Shapefiles are a geospatial vector data format for geographic information system software and the original file format for geospatial data. They are capable of spatially describing vector features: points, lines, and polygons. Geopandas has good support for reading / writing shapefiles.

One weird thing, however, is that a shapefile isn’t a file, it’s a folder, containing multiple subfiles (such as .dbf, .shpx, etc). To properly read/write shapefiles, make sure to read the entire folder or write to a folder each time. This can cause issues especially as most shapefiles are compressed into a zip file with isn’t always easily decompressed.

It is often better to use geojson vs shapefiles since the former is easier to render on the web. The latter is better when you have a bespoke projection. A few downsides to shapefiles include their inability to store topolgical information and the file size restriction of 2GB. Similarly, shapefiles can only contain one geometry type per file.

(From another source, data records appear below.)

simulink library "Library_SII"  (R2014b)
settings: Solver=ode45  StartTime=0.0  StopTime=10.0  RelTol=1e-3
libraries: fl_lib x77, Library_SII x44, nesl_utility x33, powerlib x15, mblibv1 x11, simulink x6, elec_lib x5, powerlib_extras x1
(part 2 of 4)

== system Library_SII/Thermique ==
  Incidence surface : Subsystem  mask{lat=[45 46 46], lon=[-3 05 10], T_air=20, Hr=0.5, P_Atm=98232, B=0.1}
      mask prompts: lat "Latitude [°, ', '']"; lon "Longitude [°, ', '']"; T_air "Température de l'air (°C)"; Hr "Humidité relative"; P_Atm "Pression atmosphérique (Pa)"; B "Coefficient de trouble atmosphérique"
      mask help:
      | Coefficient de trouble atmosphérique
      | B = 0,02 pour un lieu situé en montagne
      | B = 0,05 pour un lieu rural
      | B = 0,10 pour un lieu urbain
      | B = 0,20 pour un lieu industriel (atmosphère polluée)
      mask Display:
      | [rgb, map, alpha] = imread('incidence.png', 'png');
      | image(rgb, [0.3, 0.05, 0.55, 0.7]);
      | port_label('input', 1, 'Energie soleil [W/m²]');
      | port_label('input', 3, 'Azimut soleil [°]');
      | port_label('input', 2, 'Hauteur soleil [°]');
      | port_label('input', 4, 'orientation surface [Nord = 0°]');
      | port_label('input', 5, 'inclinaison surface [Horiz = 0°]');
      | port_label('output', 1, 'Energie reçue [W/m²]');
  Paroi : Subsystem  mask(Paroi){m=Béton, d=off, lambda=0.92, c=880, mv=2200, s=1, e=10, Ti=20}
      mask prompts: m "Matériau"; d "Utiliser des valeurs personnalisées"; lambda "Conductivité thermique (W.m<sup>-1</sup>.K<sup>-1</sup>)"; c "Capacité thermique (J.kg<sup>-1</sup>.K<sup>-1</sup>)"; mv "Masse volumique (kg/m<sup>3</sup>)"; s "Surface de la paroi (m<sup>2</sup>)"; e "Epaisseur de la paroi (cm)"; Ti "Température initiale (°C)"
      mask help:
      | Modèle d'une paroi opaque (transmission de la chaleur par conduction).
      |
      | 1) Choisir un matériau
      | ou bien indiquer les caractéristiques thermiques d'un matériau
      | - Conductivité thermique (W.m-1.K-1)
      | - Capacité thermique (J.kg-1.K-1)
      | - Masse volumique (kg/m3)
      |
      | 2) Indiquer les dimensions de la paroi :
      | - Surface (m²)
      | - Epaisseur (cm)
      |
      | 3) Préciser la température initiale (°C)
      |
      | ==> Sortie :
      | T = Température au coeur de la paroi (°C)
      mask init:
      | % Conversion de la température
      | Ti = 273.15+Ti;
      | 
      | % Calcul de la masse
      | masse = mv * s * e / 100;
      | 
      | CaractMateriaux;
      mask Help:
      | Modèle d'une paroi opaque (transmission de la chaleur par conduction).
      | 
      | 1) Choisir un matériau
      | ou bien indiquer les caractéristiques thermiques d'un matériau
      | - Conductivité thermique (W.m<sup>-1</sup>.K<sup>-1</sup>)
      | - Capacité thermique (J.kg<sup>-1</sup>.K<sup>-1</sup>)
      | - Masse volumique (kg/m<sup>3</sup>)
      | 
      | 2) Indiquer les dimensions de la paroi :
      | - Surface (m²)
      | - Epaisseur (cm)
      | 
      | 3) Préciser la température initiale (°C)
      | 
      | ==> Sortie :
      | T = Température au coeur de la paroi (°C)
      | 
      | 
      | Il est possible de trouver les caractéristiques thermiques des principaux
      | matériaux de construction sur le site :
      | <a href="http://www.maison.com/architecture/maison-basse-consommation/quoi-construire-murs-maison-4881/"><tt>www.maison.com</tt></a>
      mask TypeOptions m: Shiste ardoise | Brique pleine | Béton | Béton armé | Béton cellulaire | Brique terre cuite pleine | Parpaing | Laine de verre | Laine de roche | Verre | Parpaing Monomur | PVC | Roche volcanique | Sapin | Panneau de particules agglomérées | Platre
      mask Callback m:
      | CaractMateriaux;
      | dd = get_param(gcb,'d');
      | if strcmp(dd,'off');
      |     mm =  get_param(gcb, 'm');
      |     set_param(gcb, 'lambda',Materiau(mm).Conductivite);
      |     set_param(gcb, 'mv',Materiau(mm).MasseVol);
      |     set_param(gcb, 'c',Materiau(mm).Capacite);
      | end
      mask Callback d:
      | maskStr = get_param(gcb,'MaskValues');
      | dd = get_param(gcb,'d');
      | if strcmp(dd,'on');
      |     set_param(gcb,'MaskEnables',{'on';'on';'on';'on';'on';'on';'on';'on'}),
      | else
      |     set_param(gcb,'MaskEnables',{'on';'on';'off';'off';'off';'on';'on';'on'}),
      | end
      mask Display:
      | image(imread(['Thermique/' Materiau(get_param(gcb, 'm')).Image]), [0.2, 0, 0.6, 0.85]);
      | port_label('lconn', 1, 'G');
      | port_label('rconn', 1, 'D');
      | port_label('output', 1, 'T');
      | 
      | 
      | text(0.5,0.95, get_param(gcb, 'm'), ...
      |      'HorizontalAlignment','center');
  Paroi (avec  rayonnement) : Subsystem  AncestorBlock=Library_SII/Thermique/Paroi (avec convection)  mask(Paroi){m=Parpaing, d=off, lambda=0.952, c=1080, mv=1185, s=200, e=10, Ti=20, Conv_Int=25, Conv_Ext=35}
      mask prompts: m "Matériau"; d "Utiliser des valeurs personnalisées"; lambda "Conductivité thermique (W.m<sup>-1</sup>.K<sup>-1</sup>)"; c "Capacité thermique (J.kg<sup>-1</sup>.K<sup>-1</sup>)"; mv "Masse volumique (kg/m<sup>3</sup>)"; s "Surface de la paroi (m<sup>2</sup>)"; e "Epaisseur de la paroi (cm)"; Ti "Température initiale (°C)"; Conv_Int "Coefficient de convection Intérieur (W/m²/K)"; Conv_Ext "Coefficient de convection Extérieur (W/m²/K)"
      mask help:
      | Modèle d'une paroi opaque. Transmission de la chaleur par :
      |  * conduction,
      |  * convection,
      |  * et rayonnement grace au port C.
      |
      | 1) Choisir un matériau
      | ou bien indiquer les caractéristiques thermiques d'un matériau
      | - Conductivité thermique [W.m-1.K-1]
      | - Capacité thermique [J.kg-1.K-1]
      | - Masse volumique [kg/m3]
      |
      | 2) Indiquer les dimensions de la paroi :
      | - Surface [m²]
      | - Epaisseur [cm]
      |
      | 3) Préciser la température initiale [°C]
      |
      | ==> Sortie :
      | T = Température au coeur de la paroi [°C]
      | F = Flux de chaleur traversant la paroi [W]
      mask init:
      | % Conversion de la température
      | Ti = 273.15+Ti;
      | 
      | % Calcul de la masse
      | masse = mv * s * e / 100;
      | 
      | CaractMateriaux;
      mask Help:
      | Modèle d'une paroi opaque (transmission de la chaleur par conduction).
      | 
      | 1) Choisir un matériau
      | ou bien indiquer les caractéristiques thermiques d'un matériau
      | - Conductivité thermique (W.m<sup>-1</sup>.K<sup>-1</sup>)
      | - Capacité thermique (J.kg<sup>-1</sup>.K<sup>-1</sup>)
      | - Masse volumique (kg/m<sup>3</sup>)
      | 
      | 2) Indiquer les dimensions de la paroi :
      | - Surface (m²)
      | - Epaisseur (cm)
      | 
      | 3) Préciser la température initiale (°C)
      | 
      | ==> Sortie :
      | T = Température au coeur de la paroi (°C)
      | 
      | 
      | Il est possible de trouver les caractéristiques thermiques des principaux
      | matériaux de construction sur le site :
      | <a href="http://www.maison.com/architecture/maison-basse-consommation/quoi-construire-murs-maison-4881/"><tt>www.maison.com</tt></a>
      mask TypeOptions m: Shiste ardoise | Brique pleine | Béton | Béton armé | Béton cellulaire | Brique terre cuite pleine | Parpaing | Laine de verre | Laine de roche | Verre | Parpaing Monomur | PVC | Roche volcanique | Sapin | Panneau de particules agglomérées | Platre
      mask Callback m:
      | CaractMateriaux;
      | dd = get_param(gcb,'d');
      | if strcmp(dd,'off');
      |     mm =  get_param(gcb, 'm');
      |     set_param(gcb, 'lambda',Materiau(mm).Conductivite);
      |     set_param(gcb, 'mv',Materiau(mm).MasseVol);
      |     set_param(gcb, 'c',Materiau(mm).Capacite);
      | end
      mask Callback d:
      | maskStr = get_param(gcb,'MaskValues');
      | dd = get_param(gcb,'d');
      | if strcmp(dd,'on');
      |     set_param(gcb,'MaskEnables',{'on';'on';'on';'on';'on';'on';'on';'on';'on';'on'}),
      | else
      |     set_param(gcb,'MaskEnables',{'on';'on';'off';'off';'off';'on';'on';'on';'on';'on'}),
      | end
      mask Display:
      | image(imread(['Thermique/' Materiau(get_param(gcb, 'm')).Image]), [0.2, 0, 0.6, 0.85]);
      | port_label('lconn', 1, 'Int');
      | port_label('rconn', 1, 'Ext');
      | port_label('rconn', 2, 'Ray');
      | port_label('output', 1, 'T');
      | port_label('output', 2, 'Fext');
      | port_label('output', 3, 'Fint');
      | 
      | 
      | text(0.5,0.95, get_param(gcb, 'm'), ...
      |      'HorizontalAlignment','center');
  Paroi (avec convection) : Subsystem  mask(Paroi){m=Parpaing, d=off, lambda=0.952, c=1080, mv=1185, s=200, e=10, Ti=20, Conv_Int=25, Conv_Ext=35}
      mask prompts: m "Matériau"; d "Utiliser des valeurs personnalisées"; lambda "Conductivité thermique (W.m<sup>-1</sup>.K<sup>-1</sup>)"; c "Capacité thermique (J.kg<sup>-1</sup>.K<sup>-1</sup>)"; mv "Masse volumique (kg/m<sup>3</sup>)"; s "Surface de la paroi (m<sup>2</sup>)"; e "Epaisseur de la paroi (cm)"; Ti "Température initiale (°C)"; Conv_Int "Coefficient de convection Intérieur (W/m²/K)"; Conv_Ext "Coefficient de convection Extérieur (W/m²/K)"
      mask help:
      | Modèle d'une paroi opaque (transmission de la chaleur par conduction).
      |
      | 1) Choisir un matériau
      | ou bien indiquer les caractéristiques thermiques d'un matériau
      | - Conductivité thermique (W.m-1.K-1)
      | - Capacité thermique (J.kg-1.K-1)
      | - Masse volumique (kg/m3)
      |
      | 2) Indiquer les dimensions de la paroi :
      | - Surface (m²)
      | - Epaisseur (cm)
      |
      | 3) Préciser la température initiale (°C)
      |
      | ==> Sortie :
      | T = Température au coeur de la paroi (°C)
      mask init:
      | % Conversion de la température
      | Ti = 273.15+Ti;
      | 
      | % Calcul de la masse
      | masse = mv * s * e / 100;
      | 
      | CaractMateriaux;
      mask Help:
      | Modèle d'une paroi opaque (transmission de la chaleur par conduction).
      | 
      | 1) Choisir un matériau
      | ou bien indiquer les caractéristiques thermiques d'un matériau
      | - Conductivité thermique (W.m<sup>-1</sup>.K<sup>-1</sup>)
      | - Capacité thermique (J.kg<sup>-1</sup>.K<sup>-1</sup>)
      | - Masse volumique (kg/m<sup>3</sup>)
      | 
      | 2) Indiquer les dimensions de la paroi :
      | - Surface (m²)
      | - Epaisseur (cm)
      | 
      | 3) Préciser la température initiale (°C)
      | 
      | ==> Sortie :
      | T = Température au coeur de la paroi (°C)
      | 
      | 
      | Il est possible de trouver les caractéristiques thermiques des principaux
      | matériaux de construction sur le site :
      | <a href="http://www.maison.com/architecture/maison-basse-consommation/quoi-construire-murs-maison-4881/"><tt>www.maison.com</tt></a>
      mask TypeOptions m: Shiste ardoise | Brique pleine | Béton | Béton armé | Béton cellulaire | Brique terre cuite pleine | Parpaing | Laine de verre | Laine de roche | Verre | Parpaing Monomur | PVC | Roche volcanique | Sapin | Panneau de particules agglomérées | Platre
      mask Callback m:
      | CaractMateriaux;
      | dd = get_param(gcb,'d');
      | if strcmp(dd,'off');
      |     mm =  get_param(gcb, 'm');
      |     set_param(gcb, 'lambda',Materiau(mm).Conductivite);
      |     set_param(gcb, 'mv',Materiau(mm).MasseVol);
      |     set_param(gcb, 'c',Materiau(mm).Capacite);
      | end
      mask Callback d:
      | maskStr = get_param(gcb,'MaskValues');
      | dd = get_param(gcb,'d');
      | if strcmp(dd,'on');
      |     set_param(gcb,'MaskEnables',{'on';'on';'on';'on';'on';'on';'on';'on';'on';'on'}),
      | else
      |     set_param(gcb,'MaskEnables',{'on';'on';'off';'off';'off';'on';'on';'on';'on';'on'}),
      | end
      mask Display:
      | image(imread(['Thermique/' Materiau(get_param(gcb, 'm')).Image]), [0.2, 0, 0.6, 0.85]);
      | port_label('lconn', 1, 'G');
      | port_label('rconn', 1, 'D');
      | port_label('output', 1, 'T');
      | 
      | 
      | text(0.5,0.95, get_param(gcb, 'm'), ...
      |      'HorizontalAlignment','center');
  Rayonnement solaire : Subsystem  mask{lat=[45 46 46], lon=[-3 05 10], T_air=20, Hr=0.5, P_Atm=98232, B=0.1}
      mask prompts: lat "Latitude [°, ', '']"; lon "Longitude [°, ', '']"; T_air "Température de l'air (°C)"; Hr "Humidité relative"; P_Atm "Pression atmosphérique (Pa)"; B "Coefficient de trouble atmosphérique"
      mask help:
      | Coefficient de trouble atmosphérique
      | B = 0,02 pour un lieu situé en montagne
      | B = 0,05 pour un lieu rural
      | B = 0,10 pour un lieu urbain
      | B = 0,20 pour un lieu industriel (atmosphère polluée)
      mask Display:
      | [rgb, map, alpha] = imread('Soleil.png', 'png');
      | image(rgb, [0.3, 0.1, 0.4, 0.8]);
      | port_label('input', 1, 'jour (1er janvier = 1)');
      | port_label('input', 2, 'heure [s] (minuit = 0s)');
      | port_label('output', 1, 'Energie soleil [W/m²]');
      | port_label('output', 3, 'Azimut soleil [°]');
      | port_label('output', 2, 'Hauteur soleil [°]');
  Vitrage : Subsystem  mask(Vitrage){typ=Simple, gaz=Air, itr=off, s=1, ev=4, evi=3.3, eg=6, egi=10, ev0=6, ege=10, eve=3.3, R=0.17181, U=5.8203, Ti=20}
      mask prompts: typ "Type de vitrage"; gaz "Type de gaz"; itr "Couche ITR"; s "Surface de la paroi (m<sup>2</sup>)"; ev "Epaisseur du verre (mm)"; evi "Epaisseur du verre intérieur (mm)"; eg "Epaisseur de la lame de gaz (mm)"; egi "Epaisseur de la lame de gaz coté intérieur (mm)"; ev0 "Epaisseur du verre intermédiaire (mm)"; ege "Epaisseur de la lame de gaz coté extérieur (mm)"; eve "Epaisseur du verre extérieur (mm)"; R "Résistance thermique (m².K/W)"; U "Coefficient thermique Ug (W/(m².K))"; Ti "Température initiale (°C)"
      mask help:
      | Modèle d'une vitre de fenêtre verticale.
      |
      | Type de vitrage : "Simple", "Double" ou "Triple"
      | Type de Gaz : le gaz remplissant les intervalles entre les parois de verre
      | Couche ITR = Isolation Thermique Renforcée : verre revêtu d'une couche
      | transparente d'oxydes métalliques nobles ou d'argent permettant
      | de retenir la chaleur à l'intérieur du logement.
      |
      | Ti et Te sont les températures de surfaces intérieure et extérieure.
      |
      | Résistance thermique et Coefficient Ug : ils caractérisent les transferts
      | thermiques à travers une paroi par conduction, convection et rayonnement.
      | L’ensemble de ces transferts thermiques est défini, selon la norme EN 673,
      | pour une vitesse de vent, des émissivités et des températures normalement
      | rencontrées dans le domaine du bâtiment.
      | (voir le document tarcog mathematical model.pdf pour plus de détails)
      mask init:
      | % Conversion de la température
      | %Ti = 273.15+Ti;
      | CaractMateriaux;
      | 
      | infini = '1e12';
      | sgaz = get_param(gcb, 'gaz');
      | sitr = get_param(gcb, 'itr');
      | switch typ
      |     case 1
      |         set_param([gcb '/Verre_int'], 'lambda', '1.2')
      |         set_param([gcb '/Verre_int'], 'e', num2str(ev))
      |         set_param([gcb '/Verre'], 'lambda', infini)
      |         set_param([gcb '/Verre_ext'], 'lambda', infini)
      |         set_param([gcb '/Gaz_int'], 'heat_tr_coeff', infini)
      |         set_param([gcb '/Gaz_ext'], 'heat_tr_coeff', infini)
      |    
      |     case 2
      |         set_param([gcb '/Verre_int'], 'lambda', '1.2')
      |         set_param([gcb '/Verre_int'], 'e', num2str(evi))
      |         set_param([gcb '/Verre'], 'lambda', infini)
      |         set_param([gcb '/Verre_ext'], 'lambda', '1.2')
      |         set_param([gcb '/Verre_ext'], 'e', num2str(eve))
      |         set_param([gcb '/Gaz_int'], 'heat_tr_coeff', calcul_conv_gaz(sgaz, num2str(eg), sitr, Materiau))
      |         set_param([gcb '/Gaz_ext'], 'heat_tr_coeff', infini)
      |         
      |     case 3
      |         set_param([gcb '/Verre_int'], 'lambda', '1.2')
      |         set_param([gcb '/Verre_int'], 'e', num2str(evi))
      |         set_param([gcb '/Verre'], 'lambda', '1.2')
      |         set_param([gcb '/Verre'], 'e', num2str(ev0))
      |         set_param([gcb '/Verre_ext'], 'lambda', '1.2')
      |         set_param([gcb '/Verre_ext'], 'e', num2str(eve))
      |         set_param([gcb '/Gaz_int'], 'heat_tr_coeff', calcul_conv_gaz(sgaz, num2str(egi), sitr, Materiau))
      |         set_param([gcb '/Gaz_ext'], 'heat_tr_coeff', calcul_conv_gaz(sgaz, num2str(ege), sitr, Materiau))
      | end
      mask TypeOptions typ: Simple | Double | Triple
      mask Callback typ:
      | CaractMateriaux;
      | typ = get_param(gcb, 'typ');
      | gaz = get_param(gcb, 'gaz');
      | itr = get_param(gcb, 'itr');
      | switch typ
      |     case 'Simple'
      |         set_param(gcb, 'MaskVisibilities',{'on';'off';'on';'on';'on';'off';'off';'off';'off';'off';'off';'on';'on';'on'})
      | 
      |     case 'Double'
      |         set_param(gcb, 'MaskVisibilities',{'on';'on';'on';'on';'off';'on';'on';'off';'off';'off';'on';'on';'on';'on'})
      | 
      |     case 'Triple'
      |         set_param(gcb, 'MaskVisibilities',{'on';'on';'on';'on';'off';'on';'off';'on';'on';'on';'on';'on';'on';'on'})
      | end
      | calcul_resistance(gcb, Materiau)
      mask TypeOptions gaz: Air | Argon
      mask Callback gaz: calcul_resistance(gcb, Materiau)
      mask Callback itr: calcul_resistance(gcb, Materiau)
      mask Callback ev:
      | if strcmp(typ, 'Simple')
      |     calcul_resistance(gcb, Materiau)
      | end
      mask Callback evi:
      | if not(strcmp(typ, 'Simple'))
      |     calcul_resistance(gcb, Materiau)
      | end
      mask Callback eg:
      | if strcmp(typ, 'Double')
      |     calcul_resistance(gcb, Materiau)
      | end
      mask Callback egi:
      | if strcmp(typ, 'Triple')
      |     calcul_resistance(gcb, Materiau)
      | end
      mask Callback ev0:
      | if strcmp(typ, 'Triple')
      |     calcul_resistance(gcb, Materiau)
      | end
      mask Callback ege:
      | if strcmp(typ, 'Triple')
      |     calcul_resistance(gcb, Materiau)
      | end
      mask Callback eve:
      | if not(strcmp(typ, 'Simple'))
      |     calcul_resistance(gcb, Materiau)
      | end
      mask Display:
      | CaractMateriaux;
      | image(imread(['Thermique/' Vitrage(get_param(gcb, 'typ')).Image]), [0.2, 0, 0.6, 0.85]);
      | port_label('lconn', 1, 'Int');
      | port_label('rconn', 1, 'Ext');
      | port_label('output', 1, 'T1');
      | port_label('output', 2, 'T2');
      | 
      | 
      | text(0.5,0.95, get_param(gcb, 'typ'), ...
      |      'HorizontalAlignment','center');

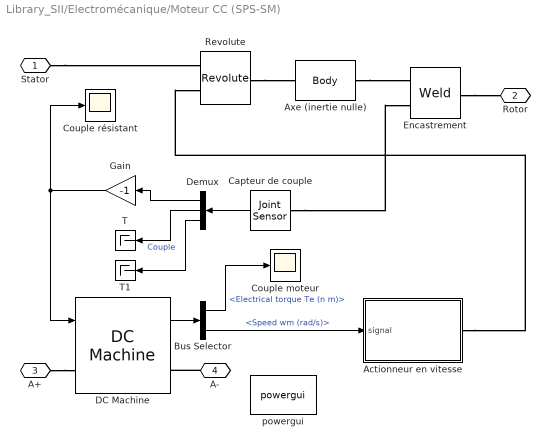
== system Library_SII/Electromécanique/Moteur CC (SPS-SM) ==
  Actionneur en vitesse : Subsystem
  Axe (inertie nulle) : mblibv1/Bodies/Body  LConnTagsString=CG  RConnTagsString=CS2  UpdateFromCAD=off  DialogClass=MechanicalBodyBlock  Mass=0.0001  MassUnits=kg  InertiaUnits=kg*m^2  Inertia=[1e-9 0 0 ; 0 1e-8 0 ; 0 0 1e-8]  Shape=Cylinder  ShapeDims=[1 1]  ShapeUnits=m  ShapeUse=false  Density=1  DensityUnits=kg/m^3  DensityUse=false  GraphicsMode=EQELLIPSE  BodyColorSelMode=COLORPALETTE  BodyColor=[0 1 0]  AttachedToCS=CG  CG=Left$CG$[0 0 0]$Adjoining$Adjoining$m$[0 0 0]$Euler X-Y-Z$deg$World$true$none  WorkingFrames=Right$CS2$[0 0 0]$CG$CG$mm$[0 0 0]$Euler X-Y-Z$deg$World$true$none  CGPos=[0 0 0]  CGRot=[0 0 0]  CS0Pos=[]  CS0Rot=[]  CS1Pos=[]  CS1Rot=[]  CS2Pos=[0 0 0]  CS2Rot=[0 0 0]  CS3Pos=[]  CS3Rot=[]  CS4Pos=[]  CS4Rot=[]  CS5Pos=[]  CS5Rot=[]  CS6Pos=[]  CS6Rot=[]  CS7Pos=[]  CS7Rot=[]  CS8Pos=[]  CS8Rot=[]  CS9Pos=[]  CS9Rot=[]  CS10Pos=[]  CS10Rot=[]  CS11Pos=[]  CS11Rot=[]  CS12Pos=[]  CS12Rot=[]  CS13Pos=[]  CS13Rot=[]  CS14Pos=[]  CS14Rot=[]  CS15Pos=[]  CS15Rot=[]  CS16Pos=[]  CS16Rot=[]  CS17Pos=[]  CS17Rot=[]  CS18Pos=[]  CS18Rot=[]  CS19Pos=[]  CS19Rot=[]  CS20Pos=[]  CS20Rot=[]
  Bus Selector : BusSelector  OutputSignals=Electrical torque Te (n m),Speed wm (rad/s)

Here is a template for one way to read and write shapefiles using pandas:

import geopandas as gpd 
import os

# read shapefile 
gpd.read_file('./my_folder/')

# write shapefile 
if not os.path.exists('./outputs/my_dir_name'):
    os.mkdirs('./outputs/my_dir_name')
gdf.to_file('./outputs/my_dir_name')

PBF (Protocolbuffer Binary Format)

Protocol Buffers is a method of serializing structured data. It is used for storing and interchanging structured information of all types. PBF involves an interface description language that describes the structure of some data and a program that generates source code from that description for generating or parsing a stream of bytes that represents the structured data. As compared to XML, it is designed to be simpler and quicker. A benefit of using PBF is that you can define how you want your data to be structured once and then use special generated source code to easily write and read your structured data to and from a variety of data streams. It is also possible to update the defined data structure without breaking deployed programs that are compiled against the older structure/format. Although PBF was designed as a better medium for communication between systems than XML, it only has some marginal advantages when compared to JSON.

Databases

A whole field of study, it is often useful to use a DB for analytics and aggegrated queries, rather than just your production datastore. Our team maintains a Postgresql + PostGIS DB to help us make complex spatial + geospatial queries. However, it is best practice to move those queries to python or a Makefile ASAP.

Pickles

A way of serializing arbitrary python objects into a byte stream with the intent of storing it in a file/database. Danger lives here.